# Clutch Slave cylinder



## riley70usmc (Mar 6, 2010)

I have a 2004 pontiac gto and the slave cylinder for the clutch is leaking and i need to replace it. I was told a F-body slave cylinder will fit as long as you change out the Q.D fitting. I dont know what a F-body is ? Does anyone know where i can order the exact slave cylinder i need because finding it has been a pain and really expensive. Thanks


----------



## Justice (Oct 9, 2005)

riley70usmc said:


> I have a 2004 pontiac gto and the slave cylinder for the clutch is leaking and i need to replace it. I was told a F-body slave cylinder will fit as long as you change out the Q.D fitting. I dont know what a F-body is ? Does anyone know where i can order the exact slave cylinder i need because finding it has been a pain and really expensive. Thanks


F-body = Firebird / Camaro


----------



## GM4life (Mar 18, 2007)

riley70usmc said:


> I have a 2004 pontiac gto and the slave cylinder for the clutch is leaking and i need to replace it. I was told a F-body slave cylinder will fit as long as you change out the Q.D fitting.

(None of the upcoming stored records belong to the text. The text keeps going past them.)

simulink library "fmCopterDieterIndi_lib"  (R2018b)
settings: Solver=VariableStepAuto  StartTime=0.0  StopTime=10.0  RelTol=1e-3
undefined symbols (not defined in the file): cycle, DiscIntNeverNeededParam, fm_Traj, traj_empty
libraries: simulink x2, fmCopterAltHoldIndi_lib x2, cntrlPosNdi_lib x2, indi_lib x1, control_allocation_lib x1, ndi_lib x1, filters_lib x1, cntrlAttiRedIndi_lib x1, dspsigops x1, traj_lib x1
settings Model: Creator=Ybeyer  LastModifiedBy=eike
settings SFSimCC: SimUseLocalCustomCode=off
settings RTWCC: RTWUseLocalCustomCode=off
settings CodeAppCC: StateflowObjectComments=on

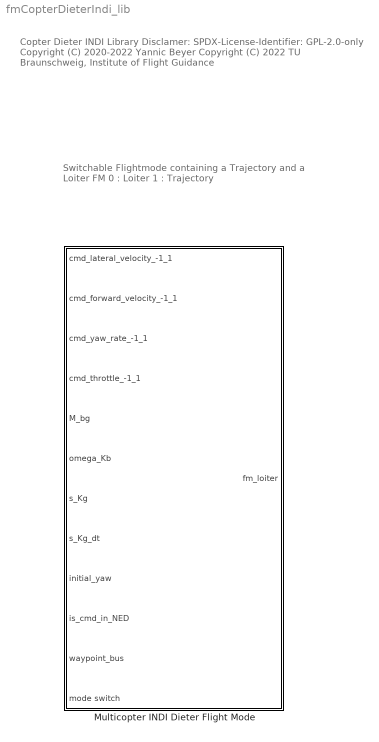
== system fmCopterDieterIndi_lib ==
  note: Switchable Flightmode
      | containing a Trajectory and a Loiter FM
      | 0 : Loiter
      | 1 : Trajectory
  note: Copter Dieter INDI Library
      |
      | Disclamer:
      | SPDX-License-Identifier: GPL-2.0-only
      |
      | Copyright (C) 2020-2022 Yannic Beyer
      | Copyright (C) 2022 TU Braunschweig, Institute of Flight Guidance
  Multicopter INDI Dieter Flight Mode : Subsystem  mask{fm=fm_Traj}
      mask prompts: fm "Multicopter INDI loiter flight  struct"
      mask DialogControl DescGroupVar Prompt: Multicopter INDI Loiter Flight Mode
      mask DialogControl DescTextVar Prompt: Loiter flight mode using the reduced attitude controller with INDI.
      mask DialogControl Control2 Prompt: To intialize the parameters struct see multicopterFlightModeLoiter.

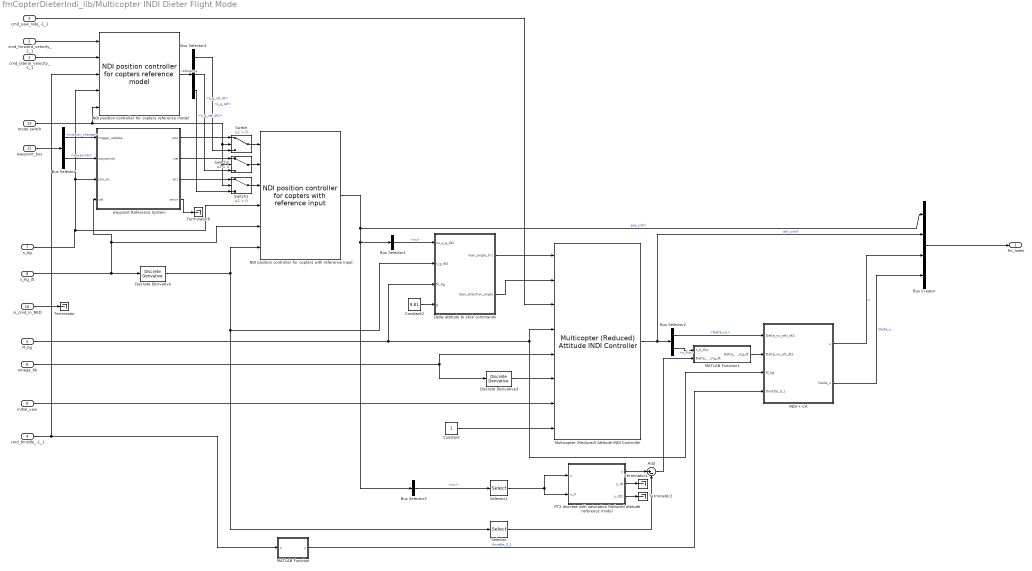
== system fmCopterDieterIndi_lib/Multicopter INDI Dieter Flight Mode ==
  cmd_lateral_velocity_-1_1 : Inport  SampleTime=fm.sample_time
  cmd_forward_velocity_-1_1 : Inport  Port=2  SampleTime=fm.sample_time
  cmd_yaw_rate_-1_1 : Inport  Port=3  SampleTime=fm.sample_time
  cmd_throttle_-1_1 : Inport  Port=4  SampleTime=fm.sample_time
  M_bg : Inport  Port=5  SampleTime=fm.sample_time
  omega_Kb : Inport  Port=6  SampleTime=fm.sample_time
  s_Kg : Inport  Port=7  SampleTime=fm.sample_time
  s_Kg_dt : Inport  Port=8  SampleTime=fm.sample_time
  initial_yaw : Inport  Port=9  SampleTime=fm.sample_time
  is_cmd_in_NED : Inport  Port=10  SampleTime=fm.sample_time
  waypoint_bus : Inport  Port=11
  mode switch : Inport  Port=12
  Add : Sum  Inputs=|+-
  Bus Creator : BusCreator  Inputs=4
  Bus Selector : BusSelector  OutputSignals=mission_change,waypoints
  Bus Selector1 : BusSelector  OutputSignals=pseudo_control.nu
  Bus Selector2 : BusSelector  OutputSignals=pseudo_control.Delta_ny,reference.reduced_attitude.n_flip
  Bus Selector3 : BusSelector  OutputSignals=pseudo_control.nu
  Bus Selector4 : BusSelector  OutputSignals=s_g_ref,s_g_ref_dt,s_g_ref_dt2
  Constant : Constant
  Constant2 : Constant  Value=9.81
  Delta attitude to stick commands : Subsystem
  Discrete Derivative : simulink/Discrete/Discrete Derivative  gainval=1.0  ICPrevScaledInput=0.0  OutMin=[]  OutMax=[]  OutDataType=fixdt(1, 16)  OutScaling=2^-10  DoSatur=off
  Discrete Derivative3 : simulink/Discrete/Discrete Derivative  gainval=1.0  ICPrevScaledInput=0.0  OutMin=[]  OutMax=[]  OutDataType=fixdt(1, 16)  OutScaling=2^-10  DoSatur=off
  INDI + CA : Subsystem
  MATLAB Function : MATLAB Function  TreatAsAtomicUnit=on
  MATLAB Function1 : MATLAB Function  TreatAsAtomicUnit=on
  Multicopter (Reduced) Attitude INDI Controller : cntrlAttiRedIndi_lib/Multicopter (Reduced) Attitude INDI Controller  atc=fm.atc  T=fm.motor_time_constant + 2./fm.sens_filt.omega
  NDI position controller for copters reference model : cntrlPosNdi_lib/NDI position controller for copters reference model  psc=fm.psc
      settings: SourceProductName=LADAC
  NDI position controller for copters with reference input : cntrlPosNdi_lib/NDI position controller for copters with reference input  psc=fm.psc  T_inner_loop=2./fm.atc.rm.leanfreq + fm.motor_time_constant + 2./fm.sens_filt.omega
      settings: SourceProductName=LADAC
  PT2 discrete with saturation Reduced attitude reference model : Subsystem  mask{omega=fm.atc.rm.leanfreq, d=fm.atc.rm.leandamp, x_dt2_max=inf, x_dt2_min=-inf, x_dt_max=inf, x_dt_min=-inf, x_max=inf, x_min=-inf, x_init=0, x_dt_init=0}
      mask prompts: omega "Natural frequency"; d "Damping ratio"; x_dt2_max "Maximum acceleration"; x_dt2_min "Minimum acceleration"; x_dt_max "Maximum rate"; x_dt_min "Minimum rate"; x_max "Maximum position"; x_min "Minimum position"; x_init "Initial position"; x_dt_init "Initial rate"
  Selector : Selector  InputPortWidth=3  IndexOptions=Index vector (dialog)  Indices=3  OutputSizes=1
  Selector1 : Selector  InputPortWidth=3  IndexOptions=Index vector (dialog)  Indices=3  OutputSizes=1
  Switch : Switch  Criteria=u2 > Threshold
  Switch1 : Switch  Criteria=u2 > Threshold
  Switch2 : Switch  Criteria=u2 > Threshold
  Terminator{,1..2,6} (4 alike) : Terminator
  waypoint Reference System : Subsystem
  fm_loiter : Outport  SampleTime=fm.sample_time
  wires:
  s_Kg_dt/1 -> waypoint Reference System/4("vel "), NDI position controller for copters with reference input/5, Discrete Derivative/1
  Discrete Derivative/1 -> NDI position controller for copters with reference input/6, Selector/1, Delta attitude to stick commands/2(s_g_dt2)
  cmd_yaw_rate_-1_1/1 -> Multicopter (Reduced) Attitude INDI Controller/3
  Constant/1 -> Multicopter (Reduced) Attitude INDI Controller/8
  s_Kg/1 -> waypoint Reference System/3(pos_ac), NDI position controller for copters reference model/4, NDI position controller for copters with reference input/4
  omega_Kb/1 -> Discrete Derivative3/1, Multicopter (Reduced) Attitude INDI Controller/5
  NDI position controller for copters with reference input/1 -> Bus Selector3/1, Bus Selector1/1, Bus Creator/1  "pos_cntrl"
  M_bg/1 -> Multicopter (Reduced) Attitude INDI Controller/4, INDI + CA/3(M_bg), Delta attitude to stick commands/3(M_bg)
  initial_yaw/1 -> Multicopter (Reduced) Attitude INDI Controller/7
  Bus Selector1/1 -> Delta attitude to stick commands/1(nu_s_g_dt2)  "<nu>"
  Bus Creator/1 -> fm_loiter/1
  is_cmd_in_NED/1 -> Terminator/1
  Multicopter (Reduced) Attitude INDI Controller/1 -> Bus Selector2/1, Bus Creator/2  "atti_cntrl"
  Bus Selector3/1 -> Selector1/1  "<nu>"
  Discrete Derivative3/1 -> Multicopter (Reduced) Attitude INDI Controller/6
  Delta attitude to stick commands/2(lean_direction_angle) -> Multicopter (Reduced) Attitude INDI Controller/2
  Delta attitude to stick commands/1(lean_angle_0-1) -> Multicopter (Reduced) Attitude INDI Controller/1
  MATLAB Function/1(y) -> INDI + CA/4(throttle_0_1)  "throttle_0_1"
  INDI + CA/1(u) -> Bus Creator/3  "u"
  INDI + CA/2(Delta_u) -> Bus Creator/4  "Delta_u"
  cmd_throttle_-1_1/1 -> NDI position controller for copters reference model/3, MATLAB Function/1(u)
  Bus Selector2/1 -> INDI + CA/1(Delta_nu_atti_dt2)  "<Delta_ny>"
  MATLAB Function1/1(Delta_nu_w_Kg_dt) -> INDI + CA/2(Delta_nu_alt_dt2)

I dont know what a F-body is ? Does anyone know where i can order the exact slave cylinder i need because finding it has been a pain and really expensive. Thanks


Yes you can. And yes you just use the QD from your old slave you just push out the roll pin that holds them in. An F-body is a Camaro or Firebird/Trans Am. I just told the Auto Parts counter 2002 Trans Am with V8 w/6 speed. Make sure they order one that has the release/throw out bering. Because they do have them without.


----------



## cain5.7 (Dec 23, 2010)

what is the QD??


----------